Shoulder Problems

Shoulder Instability

Patients with unstable shoulders want to get back to doing the things that they enjoy without worrying about a dislocation. Surgery is often the only way back to normal function if ligaments are torn. Mr Wijeratna has performed surgery for hundreds of people, including elite athletes, to help get patients back into to action quickly.

Frequently Asked Questions

  • The shoulder is the most mobile joint in the body which means it can move in many directions. However this can also make the shoulder an easy joint to dislocate. A partial dislocation (subluxation) means the ball of the shoulder joint is partially out of the socket. A complete dislocation means it is all the way out of the socket. Both partial and complete dislocations cause pain and unsteadiness in the shoulder. Patients can continue to experience symptoms of shoulder instability after a partial or complete shoulder dislocation.

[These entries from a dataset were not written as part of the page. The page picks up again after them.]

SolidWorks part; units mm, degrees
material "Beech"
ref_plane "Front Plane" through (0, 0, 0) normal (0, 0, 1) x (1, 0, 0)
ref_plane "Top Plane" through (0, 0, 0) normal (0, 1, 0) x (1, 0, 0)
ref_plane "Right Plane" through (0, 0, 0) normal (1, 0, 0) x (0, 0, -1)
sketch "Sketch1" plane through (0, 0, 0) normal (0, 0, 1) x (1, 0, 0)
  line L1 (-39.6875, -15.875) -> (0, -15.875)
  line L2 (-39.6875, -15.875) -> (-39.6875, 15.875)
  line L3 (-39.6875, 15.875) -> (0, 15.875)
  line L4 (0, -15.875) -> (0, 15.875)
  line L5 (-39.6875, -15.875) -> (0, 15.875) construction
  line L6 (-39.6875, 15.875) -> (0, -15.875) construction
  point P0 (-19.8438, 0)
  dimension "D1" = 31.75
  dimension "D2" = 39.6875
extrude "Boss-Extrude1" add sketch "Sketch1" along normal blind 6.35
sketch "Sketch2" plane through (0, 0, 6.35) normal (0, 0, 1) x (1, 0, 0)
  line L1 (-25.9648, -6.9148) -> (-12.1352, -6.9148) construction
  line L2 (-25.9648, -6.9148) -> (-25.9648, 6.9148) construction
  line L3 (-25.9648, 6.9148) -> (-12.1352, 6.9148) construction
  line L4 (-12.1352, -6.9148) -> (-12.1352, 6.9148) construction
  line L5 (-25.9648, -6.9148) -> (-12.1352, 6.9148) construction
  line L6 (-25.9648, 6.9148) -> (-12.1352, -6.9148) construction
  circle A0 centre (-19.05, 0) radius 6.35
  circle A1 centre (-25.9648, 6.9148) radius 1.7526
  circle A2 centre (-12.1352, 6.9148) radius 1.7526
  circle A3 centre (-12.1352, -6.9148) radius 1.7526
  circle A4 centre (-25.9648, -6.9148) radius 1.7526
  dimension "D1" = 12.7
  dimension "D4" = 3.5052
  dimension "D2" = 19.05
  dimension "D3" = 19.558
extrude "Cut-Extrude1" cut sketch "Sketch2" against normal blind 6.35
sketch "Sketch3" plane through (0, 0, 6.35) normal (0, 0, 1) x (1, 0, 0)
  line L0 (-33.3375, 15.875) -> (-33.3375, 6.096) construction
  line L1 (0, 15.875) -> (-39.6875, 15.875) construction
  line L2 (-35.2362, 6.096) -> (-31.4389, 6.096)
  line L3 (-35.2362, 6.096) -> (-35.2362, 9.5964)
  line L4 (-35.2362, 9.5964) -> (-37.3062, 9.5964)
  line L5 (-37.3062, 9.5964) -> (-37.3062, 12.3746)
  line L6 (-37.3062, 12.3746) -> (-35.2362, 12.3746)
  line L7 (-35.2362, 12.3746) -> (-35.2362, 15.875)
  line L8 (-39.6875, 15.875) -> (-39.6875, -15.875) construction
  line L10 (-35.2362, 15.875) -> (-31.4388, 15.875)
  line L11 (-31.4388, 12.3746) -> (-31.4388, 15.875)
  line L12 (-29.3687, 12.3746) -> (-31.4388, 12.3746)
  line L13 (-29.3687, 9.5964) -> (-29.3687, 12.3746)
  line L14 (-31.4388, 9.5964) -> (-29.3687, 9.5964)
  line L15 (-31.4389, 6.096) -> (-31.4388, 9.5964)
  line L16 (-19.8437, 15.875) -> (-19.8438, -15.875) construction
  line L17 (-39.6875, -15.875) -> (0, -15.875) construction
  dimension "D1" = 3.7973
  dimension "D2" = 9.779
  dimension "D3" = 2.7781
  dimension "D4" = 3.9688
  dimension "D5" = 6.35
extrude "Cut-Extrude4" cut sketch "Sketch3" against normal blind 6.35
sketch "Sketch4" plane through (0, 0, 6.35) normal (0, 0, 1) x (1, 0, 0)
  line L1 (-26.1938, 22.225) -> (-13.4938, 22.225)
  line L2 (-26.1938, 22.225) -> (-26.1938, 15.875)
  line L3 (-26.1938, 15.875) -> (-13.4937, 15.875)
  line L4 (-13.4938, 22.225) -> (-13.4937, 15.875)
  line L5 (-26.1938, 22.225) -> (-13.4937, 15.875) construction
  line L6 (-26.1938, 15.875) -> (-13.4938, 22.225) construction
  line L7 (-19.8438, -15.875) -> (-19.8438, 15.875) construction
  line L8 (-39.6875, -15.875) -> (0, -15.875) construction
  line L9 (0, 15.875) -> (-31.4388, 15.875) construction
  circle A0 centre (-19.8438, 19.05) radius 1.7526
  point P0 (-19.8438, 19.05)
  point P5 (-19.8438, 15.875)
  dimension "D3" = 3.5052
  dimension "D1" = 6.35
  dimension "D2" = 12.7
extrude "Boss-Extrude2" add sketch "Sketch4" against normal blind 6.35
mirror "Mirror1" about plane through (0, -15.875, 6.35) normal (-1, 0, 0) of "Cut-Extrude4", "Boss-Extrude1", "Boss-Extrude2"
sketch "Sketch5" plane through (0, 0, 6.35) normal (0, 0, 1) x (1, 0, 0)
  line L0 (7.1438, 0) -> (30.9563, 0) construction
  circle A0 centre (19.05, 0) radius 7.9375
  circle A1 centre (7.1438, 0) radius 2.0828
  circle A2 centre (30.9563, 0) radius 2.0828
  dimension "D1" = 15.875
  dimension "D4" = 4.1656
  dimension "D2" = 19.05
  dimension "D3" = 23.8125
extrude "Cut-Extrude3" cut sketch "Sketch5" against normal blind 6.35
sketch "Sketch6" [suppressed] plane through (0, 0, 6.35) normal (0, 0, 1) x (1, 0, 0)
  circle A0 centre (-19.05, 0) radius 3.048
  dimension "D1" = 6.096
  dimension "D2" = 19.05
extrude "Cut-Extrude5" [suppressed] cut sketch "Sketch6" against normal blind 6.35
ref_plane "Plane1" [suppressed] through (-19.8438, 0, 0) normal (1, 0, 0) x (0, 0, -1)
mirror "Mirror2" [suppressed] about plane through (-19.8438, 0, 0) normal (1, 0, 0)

  • The main symptoms of shoulder instability are pain and a feeling that the shoulder may pop out of joint. There may be a feeling of ‘popping’ or ‘clicking’ in the shoulder during certain movements. The commonest type of shoulder instability is when the ball of the shoulder slips forward out of the socket. This can happen when the arm is put in a throwing position.

  • Shoulder instability is usually a clinical diagnosis which a specialist makes after taking a history and performing a clinical examination. An x-ray of the shoulder is needed to see if there is a fracture of the socket and an MRI scan is usually performed to determine the extent of the damage to the ligaments that stabilise the shoulder.

  • The majority of patients without damage to the stabilising structures of the shoulder improve with a structured physiotherapy programme. However if there is structural damage within the shoulder surgery is often needed if patients describe a continuing sensation of the shoulder feeling loose or coming out of joint.

  • Do keep an upright posture and your shoulders gently back.

    Do move your shoulder – keeping it still will make the pain worse.

    Don’t make up your own strenuous exercises – for example, gym equipment can make the pain worse.

    Don’t slouch when sitting – do not roll your shoulders and bring your neck forward.

  • The treatment varies according to the extent of structural damage within the shoulder. If only the ligaments that stabilise the shoulder are damaged, arthroscopic (keyhole) shoulder stabilisation surgery can be performed to repair the ligaments. Injuries to the bone of the shoulder socket need a more complex procedure.

  • Arthroscopic shoulder stabilisation is a day-case procedure performed under a regional anaesthetic nerve block which numbs the whole arm. The patient is awake for the duration of the procedure which enables them to go home sooner after surgery. Painkillers are prescribed for when the nerve block wears off. The patient visits their GP 10 days after surgery for removal of stitches and regular physiotherapy visits are booked. The arm will be in a sling for 4-6 weeks and then removed to allow exercises to start. Mr Wijeratna sees patients in clinic 3 months after surgery and discharges the majority of patients at that point.